Selon la déplorable habitude du pays, nous sommes assaillis à la gare, par une nuée de facchini, qui se disputent d’abord nos bagages, puis le droit de nous accompagner à la locanda. Au milieu d’un tohu-bohu sans égal, il nous échoit en partage les deux plus affreux cicerone que la terre ait jamais vomis. L’un est un vieillard hargneux, aux yeux rouges, aux cheveux hérissés, a demi vêtu de haillons sordides ; l’autre, un petit garçon trapu, borgne et le corps perdu dans de vastes guenilles. Le premier a mis notre malle sur son dos, le second s’est emparé de notre panier, et nous voilà cheminant derrière ces deux horribles créatures, dans les rues, non moins horribles, de Trani
Cette ville est encore plus laide et plus infecte que Foggia. Les rues sont tortueuses, noires, boueuses, mal pavées, bordées de maisons misérables, et peuplées d’atroces gens en haillons. Je ne sais si l’Adriatique entre dans la ville ou si les eaux de la pluie y séjournent, mais chaque rue est un cloaque. La population, composée de marins et de commerçants, est active et remuante. On ne voit point de forum, ni d’individus graves et calmes drapés dans leurs manteaux, mais des gens en veste et en bonnet de laine, affairés et grossiers. On ne rencontre aucun visage riant. Tout est hideux : la mer, le port, les figures, les costumes. Les enfants mêmes sont ridés, déjetés, usés avant l’heure. 

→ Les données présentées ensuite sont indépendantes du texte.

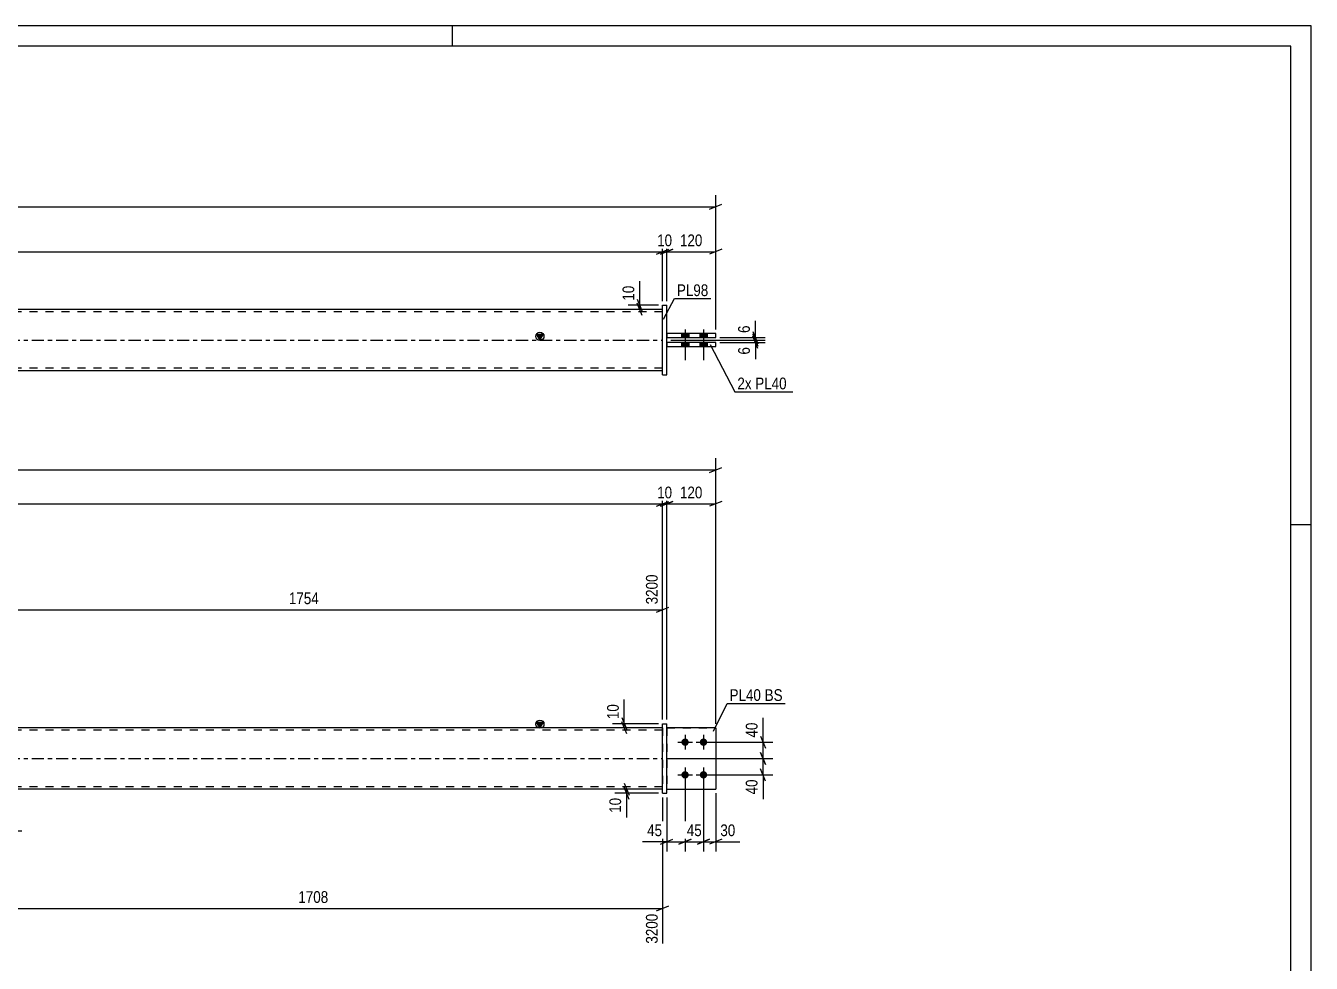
# Model space of a CAD drawing. Header units: millimetres. Extents: x 0 to 594, y 0 to 420.
# Drawn here: x 279.6 to 594, y 190.8 to 420 of the extents above; entities that cross this region are included whole.
import ezdxf

# ---------------------------------------------------------------- set-up
doc = ezdxf.new("R2010")
doc.units = ezdxf.units.MM
doc.linetypes.add('DXK_LINE_DOT2', pattern=[3.9198, 1.9599, -1.9599])
doc.linetypes.add('DXK_LINE_DOT3', pattern=[5.9187, 2.979, -0.9799, 0.9799, -0.9799])
doc.styles.add('Arial Narrow', font='ARIALN.TTF', dxfattribs={"height": 0.2})

# ---------------------------------------------------------------- blocks, each defined once
blk = doc.blocks.new('Unknown-580870411-1131')
at = {"color": 5, "linetype": 'Continuous'}
for p, q in [((594, 420), (0, 420)), ((384, 415), (384, 420)), ((594, 0), (594, 420)), ((589, 415), (5, 415)), ((589, 5), (589, 415)), ((594, 298), (589, 298))]:
    blk.add_line(p, q, dxfattribs=at)
blk = doc.blocks.new('Part-580870411-1699 - 1676')
at = {"color": 2, "linetype": 'Continuous'}
for p, q in [((435.37, 249.34), (436.37, 249.34)), ((435.37, 232.34), (435.37, 249.34)), ((436.37, 232.34), (436.37, 249.34)), ((435.37, 232.34), (436.37, 232.34)), ((435.37, 232.34), (436.37, 232.34))]:
    blk.add_line(p, q, dxfattribs=at)
at = {"color": 7, "linetype": 'DXK_LINE_DOT2'}
for p, q in [((435.37, 249.34), (436.37, 249.34)), ((435.37, 232.34), (435.37, 232.34)), ((436.37, 232.34), (436.37, 232.34)), ((436.37, 232.34), (436.37, 232.34))]:
    blk.add_line(p, q, dxfattribs=at)
blk = doc.blocks.new('Part-580870411-1688 - 1676')
at = {"linetype": 'Continuous'}
blk.add_hatch(color=2, dxfattribs=at).paths.add_polyline_path([(405.37, 248.34), (404.57, 249.74), (406.17, 249.74)])
at = {"color": 2, "linetype": 'Continuous'}
for p, q in [((405.37, 248.34), (404.57, 249.74)), ((404.57, 249.74), (406.17, 249.74)), ((406.17, 249.74), (405.37, 248.34)), ((435.37, 248.34), (115.4, 248.34)), ((435.37, 233.34), (115.4, 233.34))]:
    blk.add_line(p, q, dxfattribs=at)
at = {"color": 7, "linetype": 'DXK_LINE_DOT2'}
for p, q in [((435.37, 247.74), (115.4, 247.74)), ((435.37, 248.34), (435.37, 233.34)), ((435.37, 233.94), (115.4, 233.94))]:
    blk.add_line(p, q, dxfattribs=at)
at = {"color": 7, "linetype": 'DXK_LINE_DOT3'}
blk.add_line((115.4, 240.84), (435.37, 240.84), dxfattribs=at)
at = {"color": 2, "linetype": 'Continuous'}
blk.add_circle((405.37, 249.24), 1, dxfattribs=at)
blk = doc.blocks.new('Part-580870411-1693 - 1676')
at = {"color": 2, "linetype": 'Continuous'}
for p, q in [((448.37, 248.34), (436.37, 248.34)), ((448.37, 248.34), (448.37, 248.34)), ((448.37, 248.34), (448.37, 233.34)), ((436.37, 233.34), (448.37, 233.34))]:
    blk.add_line(p, q, dxfattribs=at)
at = {"color": 7, "linetype": 'DXK_LINE_DOT2'}
for p, q in [((436.37, 248.34), (448.37, 248.34)), ((436.37, 248.34), (436.37, 248.34)), ((436.37, 248.34), (436.37, 233.34)), ((436.37, 233.34), (448.37, 233.34))]:
    blk.add_line(p, q, dxfattribs=at)
blk = doc.blocks.new('Part-580870411-1698 - 1676')
at = {"color": 7, "linetype": 'DXK_LINE_DOT2'}
for p, q in [((436.37, 248.34), (448.37, 248.34)), ((448.37, 248.34), (436.37, 248.34)), ((436.37, 248.34), (436.37, 248.34)), ((436.37, 248.34), (436.37, 233.34)), ((448.37, 248.34), (448.37, 248.34)), ((448.37, 248.34), (448.37, 233.34)), ((436.37, 233.34), (448.37, 233.34)), ((436.37, 233.34), (448.37, 233.34))]:
    blk.add_line(p, q, dxfattribs=at)
blk = doc.blocks.new('Bolt-580870411-1720 - 1676')
at = {"linetype": 'Continuous'}
for points in [[(440.87, 245.74), (441.05, 245.72), (441.23, 245.66), (441.4, 245.57), (441.54, 245.44), (441.65, 245.29), (441.72, 245.12), (441.76, 244.93), (441.76, 244.75), (441.72, 244.56), (441.65, 244.39), (441.54, 244.24), (441.4, 244.11), (441.23, 244.02), (441.05, 243.96), (440.87, 243.94), (440.68, 243.96), (440.5, 244.02), (440.34, 244.11), (440.2, 244.24), (440.09, 244.39), (440.01, 244.56), (439.97, 244.75), (439.97, 244.93), (440.01, 245.12), (440.09, 245.29), (440.2, 245.44), (440.34, 245.57), (440.5, 245.66), (440.68, 245.72)], [(445.37, 245.74), (445.55, 245.72), (445.73, 245.66), (445.9, 245.57), (446.04, 245.44), (446.15, 245.29), (446.22, 245.12), (446.26, 244.93), (446.26, 244.75), (446.22, 244.56), (446.15, 244.39), (446.04, 244.24), (445.9, 244.11), (445.73, 244.02), (445.55, 243.96), (445.37, 243.94), (445.18, 243.96), (445, 244.02), (444.84, 244.11), (444.7, 244.24), (444.59, 244.39), (444.51, 244.56), (444.47, 244.75), (444.47, 244.93), (444.51, 245.12), (444.59, 245.29), (444.7, 245.44), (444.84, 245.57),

Pour surcroît, voici la pluie et le vent qui se mêlent de la partie, et viennent transir nos pauvres corps errants. Nous atteignons ainsi le seuil d’une locanda d’assez piteuse apparence. L’hôtesse accourt, mais c’est pour nous fermer la porte au nez, en criant qu’elle n’a pas de chambre vacante. 
Les deux facchini, qui avaient déjà fait mine de poser leur fardeau, reprennent, en grognant, l’un la malle, l’autre le panier, et après de nombreux circuits dans d’atroces ruelles, nous frappons à une seconde auberge. On nous fait monter au premier étage, où, comme de raison, on nous ouvre la chambre d’honneur. Celle-ci, outre l’ignoble cabinet et les quatre lits de rigueur, possède une armée d’oreillers, qui nous parait tout à fait insolite. Nous en comptons jusqu’à six dans un lit, non pas amoncelés les uns sur les autres, mais espacés à égale distance, sur le traversin. Ils marquent la place de chaque voyageur. Dans un lit couchent les femmes, dans l’autre les hommes. Comme il faut être né dans la Capitanate pour trouver naturelle une pareille promiscuité, nous n’avons gardé d’accepter l’hospitalité de cette étrange chambrée. Dans quel guêpier sommes-nous tombés pour en être réduits à regretter Foggia !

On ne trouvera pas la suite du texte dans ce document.